De strijd om het goudschip

Uit Wikipedia, de vrije encyclopedie
De strijd om het goudschip
Auteur(s) Willy van der Heide
Land Nederland
Taal Nederlands
Reeks/serie Bob Evers
Uitgever Stenvert, Meppel
Uitgegeven 1951
Pagina's 200
Grootte en
gewicht
24,5 × 17 cm
Voorloper Drie jongens op een onbewoond eiland
Vervolg Tumult in een toeristenhotel
Portaal  Portaalicoon   Literatuur

De strijd om het goudschip is het zesde deel van de Bob Evers-boekenreeks van de schrijver Willy van der Heide.

De strijd om het goudschip is het derde deel van een trilogie waartoe verder de delen Avonturen in de Stille Zuidzee en Drie jongens op een onbewoond eiland behoren.

Verhaal[bewerken | brontekst bewerken]

Leeswaarschuwing: Onderstaande tekst bevat details over de inhoud of de afloop van het verhaal.

Hoofdpersonen van de serie zijn de Nederlandse jongens Arie Roos en Jan Prins en hun Amerikaanse vriend Bob Evers.

Het eiland waarheen Jan, Bob en Arie aan het einde van Drie jongens op een onbewoond eiland onderweg zijn, blijkt inderdaad het gezochte eiland te zijn. Jack, Joe en Hennessey, de oorspronkelijke bemanning van het jacht Willi Waw, worden als slaven op het eiland vastgehouden en moeten hand-en-spandiensten verrichten voor de drie muiters, die goede sier maken op het voor de kust gelegen jacht. Arie, Jan en Bob landen op het eiland en maken contact met hen. Er wordt een plan gemaakt om de Willi Waw te heroveren.

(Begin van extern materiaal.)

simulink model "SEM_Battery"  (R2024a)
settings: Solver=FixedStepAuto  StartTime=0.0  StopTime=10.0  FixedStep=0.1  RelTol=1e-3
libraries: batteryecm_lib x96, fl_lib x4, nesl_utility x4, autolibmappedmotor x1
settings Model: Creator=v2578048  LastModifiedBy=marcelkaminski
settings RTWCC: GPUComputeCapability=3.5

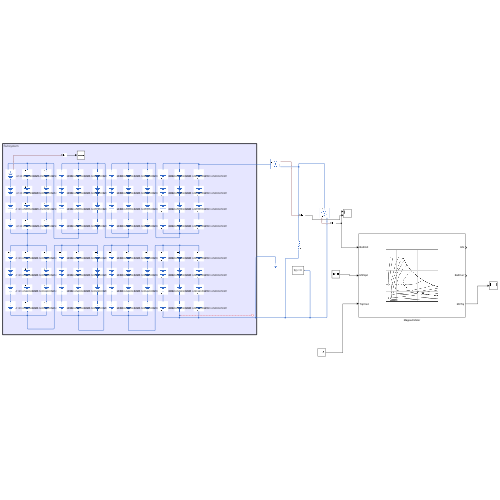
[thumbnail: Simulink's stored preview of the top-level diagram]
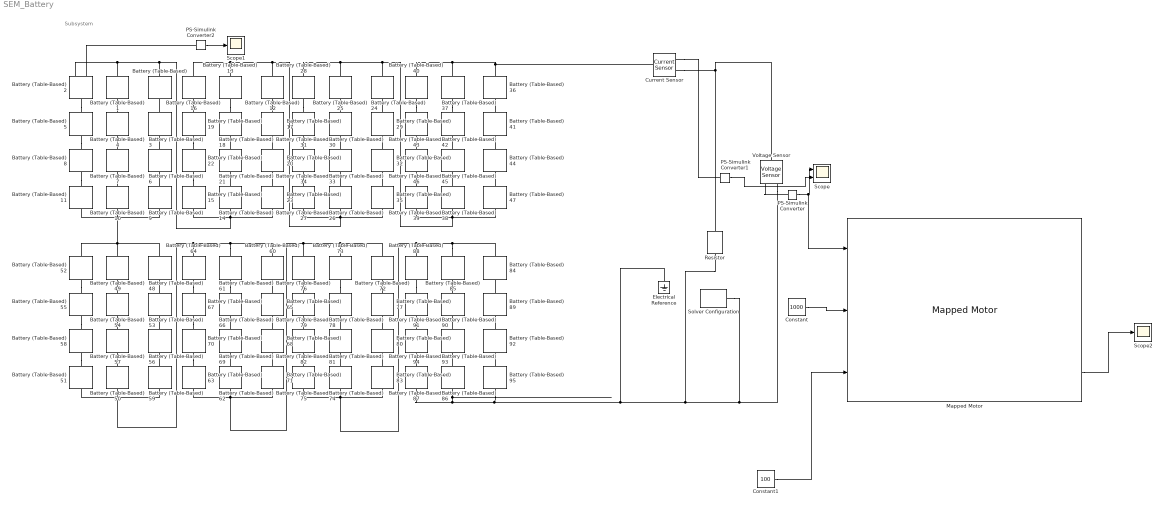
== system SEM_Battery ==
  note: Subsystem
  Battery (Table-Based){,1,3..95} (95 alike) : batteryecm_lib/Battery (Table-Based)  Tag={'toolbox/physmod/battery/shared_library/m/batteryecm_lib_parts';'Battery__Table_Based_/A123/ANR26650M1.xml'}  SOC_vec=[0 0.01 0.02 0.03 0.04 0.05 0.06 0.07 0.08 0.09 0.1 0.11 0.12 0.13 0.14 0.15 0.16 0.17 0.18 0.19 0.2 0.21 0.22 0.23 0.24 0.25 0.26 0.27 0.28 0.29 0.3 0.31 0.32 0.33 0.34 0.35 0.36 0.37 0.38 0.39 0.4 0.41 0.42 0.43 0.44 0.45 0.46 0.47 0.48 0.49 0.5 0.51 0.52 0.53 0.54 0.55 0.56 0.57 0.58 0.59 0.6 0.61 0.62 0.63 0.64 0.65 0.66 0.67 0.68 0.69 0.7 0.71 0.72 0.73 0.74 0.75 0.76 0.77 0.78 0.79 0.8 0.81 0.82 0.83 0.84 0.85 0.86 0.87 0.88 0.89 0.9 0.91 0.92 0.93 0.94 0.95 0.96 0.97 0.98 0.99 1]  T_dependence=simscape.enum.tablebattery.temperature_dependence.yes  prm_dir=simscape.enum.tablebattery.prm_dir.noCurrentDirectionality  T_vec=[-20 0 25] degC  V0_mat=[2.06518 2.06518 2.06518;2.68276 2.68276 2.68276;2.83127 2.83127 2.83127;2.93006 2.93006 2.93006;3.00018 3.00018 3.00018;3.05444 3.05444 3.05444;3.098 3.098 3.098;3.13677 3.13677 3.13677;3.17233 3.17233 3.17233;3.19687 3.19687 3.19687;3.20429 3.20429 3.20429;3.20797 3.20797 3.20797;3.21084 3.21084 3.21084;3.21322 3.21322 3.21322;3.21517 3.21517 3.21517;3.22057 3.22057 3.22057;3.22301 3.22301 3.22301;3.22946 3.22946 3.22946;3.23827 3.23827 3.23827;3.24173 3.24173 3.24173;3.24488 3.24488 3.24488;3.24931 3.24931 3.24931;3.2535 3.2535 3.2535;3.25765 3.25765 3.25765;3.26117 3.26117 3.26117;3.26357 3.26357 3.26357;3.26578 3.26578 3.26578;3.26981 3.26981 3.26981;3.27407 3.27407 3.27407;3.27754 3.27754 3.27754;3.27963 3.27963 3.27963;3.28165 3.28165 3.28165;3.28353 3.28353 3.28353;3.28542 3.28542 3.28542;3.28715 3.28715 3.28715;3.28889 3.28889 3.28889;3.29062 3.29062 3.29062;3.29275 3.29275 3.29275;3.29575 3.29575 3.29575;3.29889 3.29889 3.29889;3.30203 3.30203 3.30203;3.3027 3.3027 3.3027;3.30283 3.30283 3.30283;3.30242 3.30242 3.30242;3.30201 3.30201 3.30201;3.30226 3.30226 3.30226;3.30369 3.30369 3.30369;3.30511 3.30511 3.30511;3.3066 3.3066 3.3066;3.30845 3.30845 3.30845;3.30961 3.30961 3.30961;3.31045 3.31045 3.31045;3.31128 3.31128 3.31128;3.31212 3.31212 3.31212;3.31294 3.31294 3.31294;3.31336 3.31336 3.31336;3.31432 3.31432 3.31432;3.31596 3.31596 3.31596;3.3176 3.3176 3.3176;3.31906 3.31906 3.31906;3.32016 3.32016 3.32016;3.32147 3.32147 3.32147;3.32313 3.32313 3.32313;3.32479 3.32479 3.32479;3.32699 3.32699 3.32699;3.32924 3.32924 3.32924;3.33149 3.33149 3.33149;3.33281 3.33281 3.33281;3.33327 3.33327 3.33327;3.33363 3.33363 3.33363;3.33398 3.33398 3.33398;3.33434 3.33434 3.33434;3.33558 3.33558 3.33558;3.33748 3.33748 3.33748;3.33946 3.33946 3.33946;3.34145 3.34145 3.34145;3.34404 3.34404 3.34404;3.34672 3.34672 3.34672;3.34941 3.34941 3.34941;3.35026 3.35026 3.35026;3.35086 3.35086 3.35086;3.35091 3.35091 3.35091;3.35083 3.35083 3.35083;3.35192 3.35192 3.35192;3.35429 3.35429 3.35429;3.3566 3.3566 3.3566;3.35958 3.35958 3.35958;3.36218 3.36218 3.36218;3.36335 3.36335 3.36335;3.36552 3.36552 3.36552;3.36994 3.36994 3.36994;3.3722 3.3722 3.3722;3.3731 3.3731 3.3731;3.37515 3.37515 3.37515;3.37949 3.37949 3.37949;3.38971 3.38971 3.38971;3.40199 3.40199 3.40199;3.42645 3.42645 3.42645;3.48039 3.48039 3.48039;3.63268 3.63268 3.63268;3.84587 3.84587 3.84587] V  V0_vec=[2.06518 2.68276 2.83127 2.93006 3.00018 3.05444 3.098 3.13677 3.17233 3.19687 3.20429 3.20797 3.21084 3.21322 3.21517 3.22057 3.22301 3.22946 3.23827 3.24173 3.24488 3.24931 3.2535 3.25765 3.26117 3.26357 3.26578 3.26981 3.27407 3.27754 3.27963 3.28165 3.28353 3.28542 3.28715 3.28889 3.29062 3.29275 3.29575 3.29889 3.30203 3.3027 3.30283 3.30242 3.30201 3.30226 3.30369 3.30511 3.3066 3.30845 3.30961 3.31045 3.31128 3.31212 3.31294 3.31336 3.31432 3.31596 3.3176 3.31906 3.32016 3.32147 3.32313 3.32479 3.32699 3.32924 3.33149 3.33281 3.33327 3.33363 3.33398 3.33434 3.33558 3.33748 3.33946 3.34145 3.34404 3.34672 3.34941 3.35026 3.35086 3.35091 3.35083 3.35192 3.35429 3.3566 3.35958 3.36218 3.36335 3.36552 3.36994 3.3722 3.3731 3.37515 3.37949 3.38971 3.40199 3.42645 3.48039 3.63268 3.84587] V  V_range=[1.8 Inf] V  R0_mat=[0.28791 0.39917 0.03594;0.53384 0.62959 0.04836;0.57583 0.56865 0.04765;0.59621 0.50771 0.04556;0.60411 0.44678 0.04266;0.60512 0.38584 0.03932;0.60148 0.35318 0.03569;0.59575 0.33243 0.03191;0.58863 0.31331 0.02805;0.57672 0.29803 0.02388;0.55737 0.27565 0.02036;0.53639 0.25442 0.01833;0.51511 0.23302 0.01708;0.50085 0.21733 0.01587;0.48831 0.20337 0.01474;0.47733 0.19108 0.01411;0.46518 0.17861 0.01378;0.45492 0.16789 0.01359;0.44686 0.15933 0.01333;0.43712 0.15091 0.01312;0.42864 0.14235 0.01302;0.42073 0.13523 0.01308;0.41279 0.13112 0.01313;0.40493 0.127 0.01318;0.39734 0.12273 0.01323;0.38927 0.11936 0.01327;0.38209 0.11591 0.01333;0.37585 0.11324 0.01346;0.36956 0.11236 0.0136;0.36284 0.11117 0.01363;0.35652 0.10939 0.01363;0.35104 0.10772 0.01362;0.34554 0.10751 0.01361;0.34017 0.1073 0.01363;0.33473 0.10703 0.01368;0.32958 0.10675 0.01374;0.32594 0.10584 0.01379;0.32247 0.10427 0.01385;0.31911 0.10309 0.01395;0.31579 0.10197 0.01407;0.31253 0.1013 0.01419;0.30825 0.10101 0.01424;0.30375 0.10049 0.01428;0.29928 0.09973 0.01426;0.29512 0.09897 0.01424;0.29126 0.09851 0.01424;0.28925 0.09882 0.01427;0.28727 0.09919 0.01431;0.28531 0.09959 0.01435;0.2831 0.09941 0.01443;0.2802 0.09868 0.0145;0.27716 0.09781 0.01456;0.27412 0.09713 0.01462;0.26933 0.09664 0.01468;0.26437 0.09613 0.01473;0.26155 0.09545 0.01474;0.26216 0.09509 0.01476;0.26306 0.09503 0.0148;0.26159 0.09497 0.01484;0.25849 0.09478 0.01488;0.25493 0.09441 0.0149;0.25109 0.09413 0.01492;0.24864 0.09443 0.01498;0.24734 0.09474 0.01504;0.24628 0.09481 0.01513;0.24523 0.09489 0.01523;0.24431 0.09498 0.01532;0.24301 0.09496 0.01539;0.24134 0.09492 0.01543;0.23962 0.09482 0.01545;0.23798 0.09473 0.01547;0.23639 0.09464 0.0155;0.2352 0.09494 0.01554;0.23428 0.09522 0.01561;0.23339 0.09501 0.01566;0.23251 0.0948 0.01572;0.23188 0.09479 0.0158;0.23129 0.09474 0.01589;0.23109 0.09468 0.01598;0.2301 0.09394 0.01601;0.229 0.09311 0.01605;0.22766 0.09205 0.01609;0.22633 0.09165 0.01612;0.22553 0.09189 0.01613;0.22529 0.09268 0.01616;0.22504 0.09302 0.01619;0.22516 0.09346 0.01618;0.22512 0.09375 0.01594;0.22445 0.09333 0.0156;0.22379 0.09334 0.01534;0.22383 0.09429 0.01512;0.22294 0.09419 0.01474;0.22121 0.0935 0.01431;0.21784 0.09272 0.01395;0.21547 0.09199 0.01345;0.21296 0.09382 0.01301;0.20996 0.09444 0.01263;0.20584 0.09405 0.01235;0.21023 0.09408 0.01272;0.21135 0.10392 0.01483;0.19733 0.12789 0.01454] Ohm  R0_vec=[0.03594 0.04836 0.04765 0.04556 0.04266 0.03932 0.03569 0.03191 0.02805 0.02388 0.02036 0.01833 0.01708 0.01587 0.01474 0.01411 0.01378 0.01359 0.01333 0.01312 0.01302 0.01308 0.01313 0.01318 0.01323 0.01327 0.01333 0.01346 0.0136 0.01363 0.01363 0.01362 0.01361 0.01363 0.01368 0.01374 0.01379 0.01385 0.01395 0.01407 0.01419 0.01424 0.01428 0.01426 0.01424 0.01424 0.01427 0.01431 0.01435 0.01443 0.0145 0.01456 0.01462 0.01468 0.01473 0.01474 0.01476 0.0148 0.01484 0.01488 0.0149 0.01492 0.01498 0.01504 0.01513 0.01523 0.01532 0.01539 0.01543 0.01545 0.01547 0.0155 0.01554 0.01561 0.01566 0.01572 0.0158 0.01589 0.01598 0.01601 0.01605 0.01609 0.01612 0.01613 0.01616 0.01619 0.01618 0.01594 0.0156 0.01534 0.01512 0.01474 0.01431 0.01395 0.01345 0.01301 0.01263 0.01235 0.01272 0.01483 0.01454] Ohm  R0_dis_mat=[.0117, .0085, .009; .011, .0085, .009; .0114, .0087, .0092; .0107, .0082, .0088; .0107, .0083, .0091; .0113, .0085, .0089; .0116, .0085, .0089] % Parameter not set Ohm  R0_dis_vec=[.0085, .0085, .0087, .0082, .0083, .0085, .0085] % Parameter not set Ohm  R0_ch_mat=[.0117, .0085, .009; .011, .0085, .009; .0114, .0087, .0092; .0107, .0082, .0088; .0107, .0083, .0091; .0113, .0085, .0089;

Op dat moment komt plotseling de Frisco ten tonele, het muitersschip dat in Avonturen in de Stille Zuidzee met het goud van de Willi Waw aan boord was weggevaren. In het boek volgt een uitgebreide episode om te verhalen wat er intussen met de bemanning is gebeurd. Daarvan is alleen de oude machinist MacGarrigle nu nog aan boord, en hij heeft ondertussen kennisgemaakt met een lokale vrachtvaarder, de Annie Laurie. De drie muiters van de Willi Waw besluiten naar de Frisco te gaan, en krijgen dat schip - op de machinekamer na - ook in handen. Er ontstaat een zeeslag tussen overigens stilliggende schepen, waarbij het Bob en Arie lukt samen met Hennessey via een gat in de romp van de Frisco aan boord van het schip te komen. Met hulp van de bemanning van de Annie Laurie wordt vervolgens het schip veroverd en de goudschat hervonden.

Voor hun hulp bij de herovering van de schat krijgen Arie, Jan en Bob als beloning een groot bedrag op hun bankrekening. Dit is de verklaring voor het gemak waarmee zij in de nog volgende delen van de serie als jonge jongens over geld kunnen beschikken.

Drukgeschiedenis[bewerken | brontekst bewerken]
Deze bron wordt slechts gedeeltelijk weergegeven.